[Dataset excerpts]
▬▬▬
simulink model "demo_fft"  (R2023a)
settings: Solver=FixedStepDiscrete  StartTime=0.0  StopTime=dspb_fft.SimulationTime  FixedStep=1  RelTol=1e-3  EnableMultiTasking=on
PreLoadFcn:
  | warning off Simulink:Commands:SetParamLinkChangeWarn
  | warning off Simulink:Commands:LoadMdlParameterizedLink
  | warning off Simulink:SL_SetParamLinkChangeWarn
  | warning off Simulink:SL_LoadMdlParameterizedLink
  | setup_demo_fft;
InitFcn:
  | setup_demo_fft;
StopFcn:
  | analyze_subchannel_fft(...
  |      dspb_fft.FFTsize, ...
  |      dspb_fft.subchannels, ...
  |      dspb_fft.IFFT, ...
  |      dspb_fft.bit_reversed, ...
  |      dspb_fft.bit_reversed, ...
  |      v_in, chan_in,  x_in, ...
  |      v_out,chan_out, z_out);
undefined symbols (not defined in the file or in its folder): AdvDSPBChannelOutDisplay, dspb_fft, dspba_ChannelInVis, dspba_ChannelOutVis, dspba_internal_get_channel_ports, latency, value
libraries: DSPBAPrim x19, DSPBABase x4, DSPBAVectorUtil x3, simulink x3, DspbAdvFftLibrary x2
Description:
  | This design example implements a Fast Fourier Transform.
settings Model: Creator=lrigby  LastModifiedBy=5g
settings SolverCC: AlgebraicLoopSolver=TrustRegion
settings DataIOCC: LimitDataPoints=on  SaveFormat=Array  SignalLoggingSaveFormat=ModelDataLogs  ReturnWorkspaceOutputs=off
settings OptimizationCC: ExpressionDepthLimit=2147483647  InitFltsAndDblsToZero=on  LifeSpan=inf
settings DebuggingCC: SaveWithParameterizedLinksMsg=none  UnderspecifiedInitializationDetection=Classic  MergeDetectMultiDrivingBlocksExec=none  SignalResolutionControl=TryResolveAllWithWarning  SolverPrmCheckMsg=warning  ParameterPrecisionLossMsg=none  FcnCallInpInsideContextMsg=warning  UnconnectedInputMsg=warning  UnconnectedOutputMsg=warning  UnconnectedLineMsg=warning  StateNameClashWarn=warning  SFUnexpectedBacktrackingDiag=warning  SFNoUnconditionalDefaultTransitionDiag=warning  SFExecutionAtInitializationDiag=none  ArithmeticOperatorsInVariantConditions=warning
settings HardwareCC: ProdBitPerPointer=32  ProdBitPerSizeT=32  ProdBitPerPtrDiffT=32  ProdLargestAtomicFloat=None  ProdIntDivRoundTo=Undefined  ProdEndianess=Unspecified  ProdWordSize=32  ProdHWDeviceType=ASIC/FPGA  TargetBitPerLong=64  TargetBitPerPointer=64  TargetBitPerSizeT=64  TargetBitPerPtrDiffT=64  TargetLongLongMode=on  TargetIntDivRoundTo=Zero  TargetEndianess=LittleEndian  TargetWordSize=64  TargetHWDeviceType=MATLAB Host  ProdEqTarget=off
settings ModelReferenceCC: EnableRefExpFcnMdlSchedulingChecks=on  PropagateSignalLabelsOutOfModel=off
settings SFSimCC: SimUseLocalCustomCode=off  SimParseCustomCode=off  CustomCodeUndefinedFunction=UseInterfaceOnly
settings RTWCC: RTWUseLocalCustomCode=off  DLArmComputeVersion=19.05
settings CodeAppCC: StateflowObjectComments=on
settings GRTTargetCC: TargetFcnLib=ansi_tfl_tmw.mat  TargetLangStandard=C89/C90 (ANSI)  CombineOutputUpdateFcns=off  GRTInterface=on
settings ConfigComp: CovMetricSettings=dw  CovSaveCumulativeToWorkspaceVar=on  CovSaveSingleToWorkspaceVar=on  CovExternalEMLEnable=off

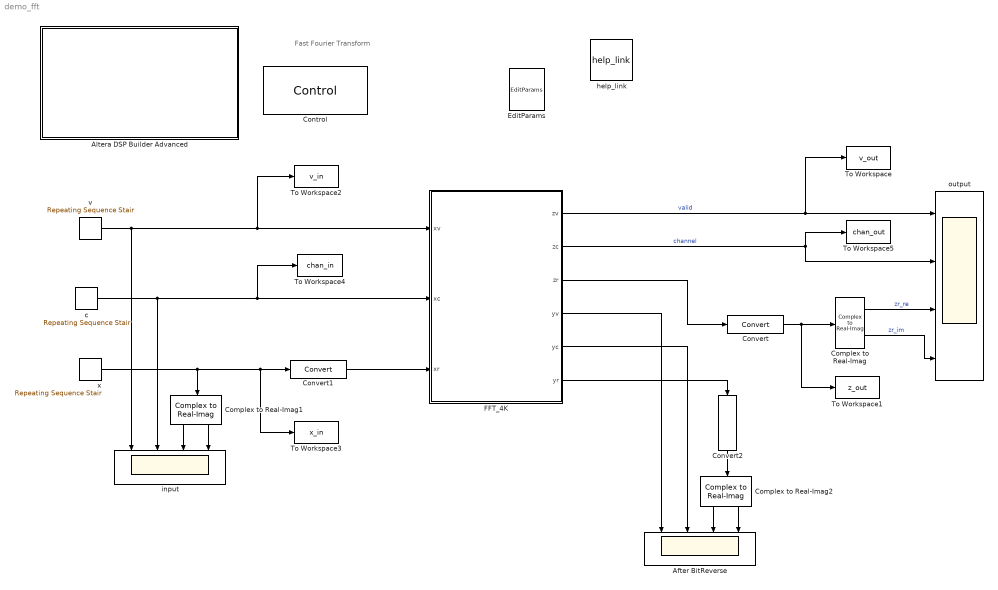
== system demo_fft ==
  note: Fast Fourier Transform
  After BitReverse : Scope  NumInputPorts=4
  Altera DSP Builder Advanced : Subsystem  mask(DSP Builder Advanced Blockset Ignored Block){}
      settings: OpenFcn=web('http://www.altera.com', '-new');
      mask Display: image(imread('intellogo.tif'));
  Complex to Real-Imag : DSPBAVectorUtil/Complex to Real-Imag
  Complex to Real-Imag1 : DSPBAVectorUtil/Complex to Real-Imag
  Complex to Real-Imag2 : DSPBAVectorUtil/Complex to Real-Imag
  Control : DSPBABase/Control  generate=on  language=VHDL  destination=rtl  make_full_path=off  path_is_relative=on  autotestbench=on  signaldepth=2  coveragetestbench=off  logs=off  spacewidth=2  spacenum=1  addrwidth=10  datawidth=16  dataendian=Big Endian  hierarchicalnames=on  ramThresholdBits=-1  distRamThresholdBits=-1  mlabThresholdBits=-1  hardMultiplierThresholdLuts=-1  version=20090407  errorOnChanMismatch=1  errorOnGPIOMismatch=0  importModelsimResults=0  cycleAccurate=off  reinterpretCastMult=off  paramFile=demo_fft_params.xml
  Convert : DSPBAPrim/Convert  primtype=convert  nInputs=1  nOutputs=1  omode=double  otype=sfix(16)  scale=2^-15  rndmethod=Unbiased  factor=1  satmethod=None  shift_vec=[0 1 2 -1]  value=round([0:255]/17)  inPortNames=[' '; ' ';]  outPortNames=[' '; 'c']  dspbaimage=dspba_prim_wide.svg  text=fprintf('convert');  style=Optimised  visibilities=8+64+256+2^17  clipdetect=off  floatPrecision=float32_m23  advOptions=[]  version=20211007
  Convert1 : DSPBAPrim/Convert  primtype=convert  nInputs=1  nOutputs=1  omode=Specify via dialog  otype=sfix(16)  scale=2^-14  rndmethod=Unbiased  factor=1  satmethod=None  shift_vec=[0 1 2 -1]  value=round([0:255]/17)  inPortNames=[' '; ' ';]  outPortNames=[' '; 'c']  dspbaimage=dspba_prim_wide.svg  text=fprintf('convert');  style=Optimised  visibilities=8+64+256+2^17  clipdetect=off  floatPrecision=float32_m23  advOptions=[]  version=20211007
  Convert2 : DSPBAPrim/Convert  primtype=convert  nInputs=1  nOutputs=1  omode=double  otype=sfix(16)  scale=2^-15  rndmethod=Unbiased  factor=1  satmethod=None  shift_vec=[0 1 2 -1]  value=round([0:255]/17)  inPortNames=[' '; ' ';]  outPortNames=[' '; 'c']  dspbaimage=dspba_prim_wide.svg  text=fprintf('convert');  style=Optimised  visibilities=8+64+256+2^17  clipdetect=off  floatPrecision=float32_m23  advOptions=[]  version=20211007
  EditParams : DSPBABase/EditParams  version=20090407
  FFT_4K : Subsystem
  To Workspace : ToWorkspace  VariableName=v_out  SampleTime=-1
  To Workspace1 : ToWorkspace  VariableName=z_out  SampleTime=-1
  To Workspace2 : ToWorkspace  VariableName=v_in  SampleTime=-1
  To Workspace3 : ToWorkspace  VariableName=x_in  SampleTime=-1
  To Workspace4 : ToWorkspace  VariableName=chan_in  SampleTime=-1
  To Workspace5 : ToWorkspace  VariableName=chan_out  SampleTime=-1
  c : simulink/Sources/Repeating Sequence Stair  OutValues=dspb_fft.channel_in  tsamp=dspb_fft.SampleTime  OutMin=[]  OutMax=[]  OutDataTypeStr=fixdt(0,8,0)  OutputDataTypeScalingMode=Specify via dialog  OutDataType=uint(8)  ConRadixGroup=Use specified scaling  OutScaling=2^-15
  help_link : DSPBABase/help_link  version=20090407
  input : Scope  NumInputPorts=4
  output : Scope  NumInputPorts=4
  v : simulink/Sources/Repeating Sequence Stair  OutValues=dspb_fft.valid_in  tsamp=dspb_fft.SampleTime  OutMin=[]  OutMax=[]  OutDataTypeStr=fixdt('boolean')  OutputDataTypeScalingMode=Specify via dialog  OutDataType=fixdt('boolean')  ConRadixGroup=Best Precision: Vector-wise  OutScaling=[]
  x : simulink/Sources/Repeating Sequence Stair  OutValues=dspb_fft.x_in  tsamp=dspb_fft.SampleTime  OutMin=[]  OutMax=[]  OutDataTypeStr=double  OutputDataTypeScalingMode=double  OutDataType=dspb_fft.InputType  ConRadixGroup=Best Precision: Vector-wise  OutScaling=[]
  wires:
  v/1 -> input/1, FFT_4K/1(xv), To Workspace2/1
  c/1 -> input/2, To Workspace4/1, FFT_4K/2(xc)
  x/1 -> To Workspace3/1, Convert1/1, Complex to Real-Imag1/1
  FFT_4K/3(zr) -> Convert/1
  Complex to Real-Imag/1 -> output/3  "zr_re"
  Complex to Real-Imag/2 -> output/4  "zr_im"
  Complex to Real-Imag1/1 -> input/3
  Complex to Real-Imag1/2 -> input/4
  Convert/1 -> Complex to Real-Imag/1, To Workspace1/1
  Convert1/1 -> FFT_4K/3(xr)
  FFT_4K/4(yv) -> After BitReverse/1
  FFT_4K/5(yc) -> After BitReverse/2
  FFT_4K/6(yr) -> Convert2/1
  Complex to Real-Imag2/1 -> After BitReverse/3
  Complex to Real-Imag2/2 -> After BitReverse/4
  Convert2/1 -> Complex to Real-Imag2/1
  FFT_4K/1(zv) -> output/1, To Workspace/1  "valid"
  FFT_4K/2(zc) -> output/2, To Workspace5/1  "channel"

== system demo_fft/Altera DSP Builder Advanced ==

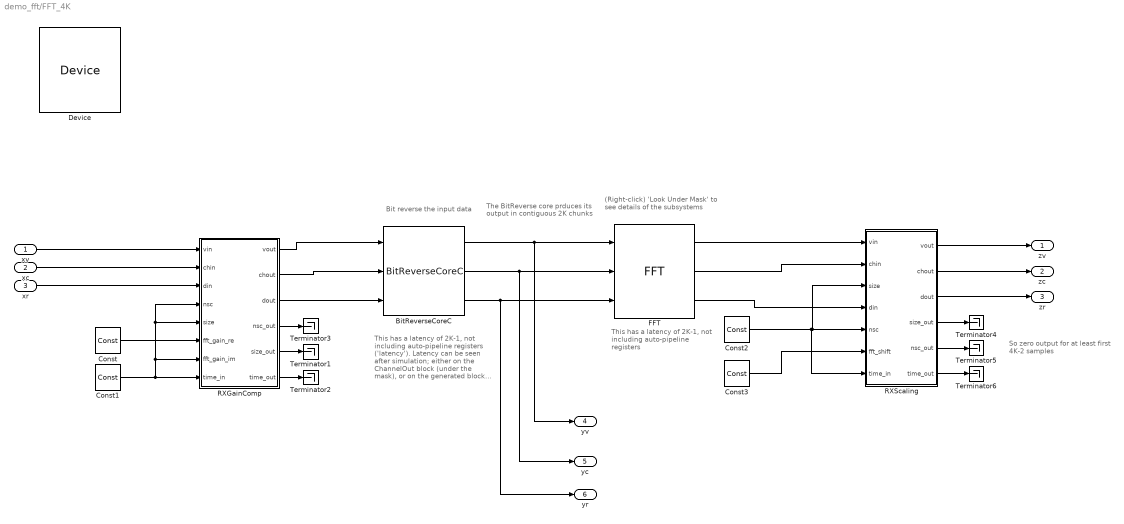
== system demo_fft/FFT_4K ==
  note: Bit reverse the input data
  note: This has a latency of 2K-1,
      | not including auto-pipeline
      | registers ('latency'). Latency
      | can be seen after simulation;
      | either on the ChannelOut block
      | (under the mask), or on the
      | generated block help.
  note: This has a latency of 2K-1,
      | not including auto-pipeline
      | registers
  note: So zero output for at
      | least first 4K-2 samples
  note: (Right-click) 'Look Under Mask'
      | to see details of the subsystems
  note: The BitReverse core prduces its
      | output in contiguous 2K chunks
  xv : Inport
  xc : Inport  Port=2
  xr : Inport  Port=3
  BitReverseCoreC : DspbAdvFftLibrary/Radix2/BitReverseCoreC  N=dspb_fft.FFTsize  subchannels=dspb_fft.subchannels
      link override ChannelOut: value=1  latency=6  nInputs=dspba_internal_get_channel_ports(gcb, 'inputs')  nOutputs=dspba_internal_get_channel_ports(gcb, 'outputs')  packetBeginEnabled=off  version=20140818
  Const : DSPBAPrim/Const  primtype=const  nInputs=0  nOutputs=1  omode=Specify via dialog  otype=sfix(16)  scale=2^-13  rndmethod=Unbiased  factor=1  satmethod=Symmetric  shift_vec=[0 1 2 -1]  value=1  inPortNames=['+'; '+';]  outPortNames=[' ']  dspbaimage=dspba_prim.svg  text=fprintf('%s', num2str(value));  style=Optimised  visibilities=8 + 1024  floatPrecision=float32_m23  warnSaturation=on  version=20211007  SampleTime=inf
  Const1 : DSPBAPrim/Const  primtype=const  nInputs=0  nOutputs=1  omode=Specify via dialog  otype=sfix(16)  scale=2^-13  rndmethod=Unbiased  factor=1  satmethod=Symmetric  shift_vec=[0 1 2 -1]  value=0  inPortNames=['+'; '+';]  outPortNames=[' ']  dspbaimage=dspba_prim.svg  text=fprintf('%s', num2str(value));  style=Optimised  visibilities=8 + 1024  floatPrecision=float32_m23  warnSaturation=on  version=20211007  SampleTime=inf
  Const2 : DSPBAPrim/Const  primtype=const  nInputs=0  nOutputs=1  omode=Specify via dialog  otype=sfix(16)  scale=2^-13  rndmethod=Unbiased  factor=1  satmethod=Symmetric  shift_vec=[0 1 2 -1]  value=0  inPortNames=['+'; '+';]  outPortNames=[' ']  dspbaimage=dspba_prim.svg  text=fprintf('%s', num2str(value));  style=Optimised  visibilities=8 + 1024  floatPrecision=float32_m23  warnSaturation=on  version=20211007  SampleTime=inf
▬▬▬
-- TASK TO CARRY OUT --
Lines after the one containing "settings OptimizationCC: ExpressionDepthLimit=2147483647" are not wanted; repeat exactly each line above from the first up to and including it.

-- SOLUTION FOR THIS PROBLEM --
simulink model "demo_fft"  (R2023a)
settings: Solver=FixedStepDiscrete  StartTime=0.0  StopTime=dspb_fft.SimulationTime  FixedStep=1  RelTol=1e-3  EnableMultiTasking=on
PreLoadFcn:
  | warning off Simulink:Commands:SetParamLinkChangeWarn
  | warning off Simulink:Commands:LoadMdlParameterizedLink
  | warning off Simulink:SL_SetParamLinkChangeWarn
  | warning off Simulink:SL_LoadMdlParameterizedLink
  | setup_demo_fft;
InitFcn:
  | setup_demo_fft;
StopFcn:
  | analyze_subchannel_fft(...
  |      dspb_fft.FFTsize, ...
  |      dspb_fft.subchannels, ...
  |      dspb_fft.IFFT, ...
  |      dspb_fft.bit_reversed, ...
  |      dspb_fft.bit_reversed, ...
  |      v_in, chan_in,  x_in, ...
  |      v_out,chan_out, z_out);
undefined symbols (not defined in the file or in its folder): AdvDSPBChannelOutDisplay, dspb_fft, dspba_ChannelInVis, dspba_ChannelOutVis, dspba_internal_get_channel_ports, latency, value
libraries: DSPBAPrim x19, DSPBABase x4, DSPBAVectorUtil x3, simulink x3, DspbAdvFftLibrary x2
Description:
  | This design example implements a Fast Fourier Transform.
settings Model: Creator=lrigby  LastModifiedBy=5g
settings SolverCC: AlgebraicLoopSolver=TrustRegion
settings DataIOCC: LimitDataPoints=on  SaveFormat=Array  SignalLoggingSaveFormat=ModelDataLogs  ReturnWorkspaceOutputs=off
settings OptimizationCC: ExpressionDepthLimit=2147483647  InitFltsAndDblsToZero=on  LifeSpan=inf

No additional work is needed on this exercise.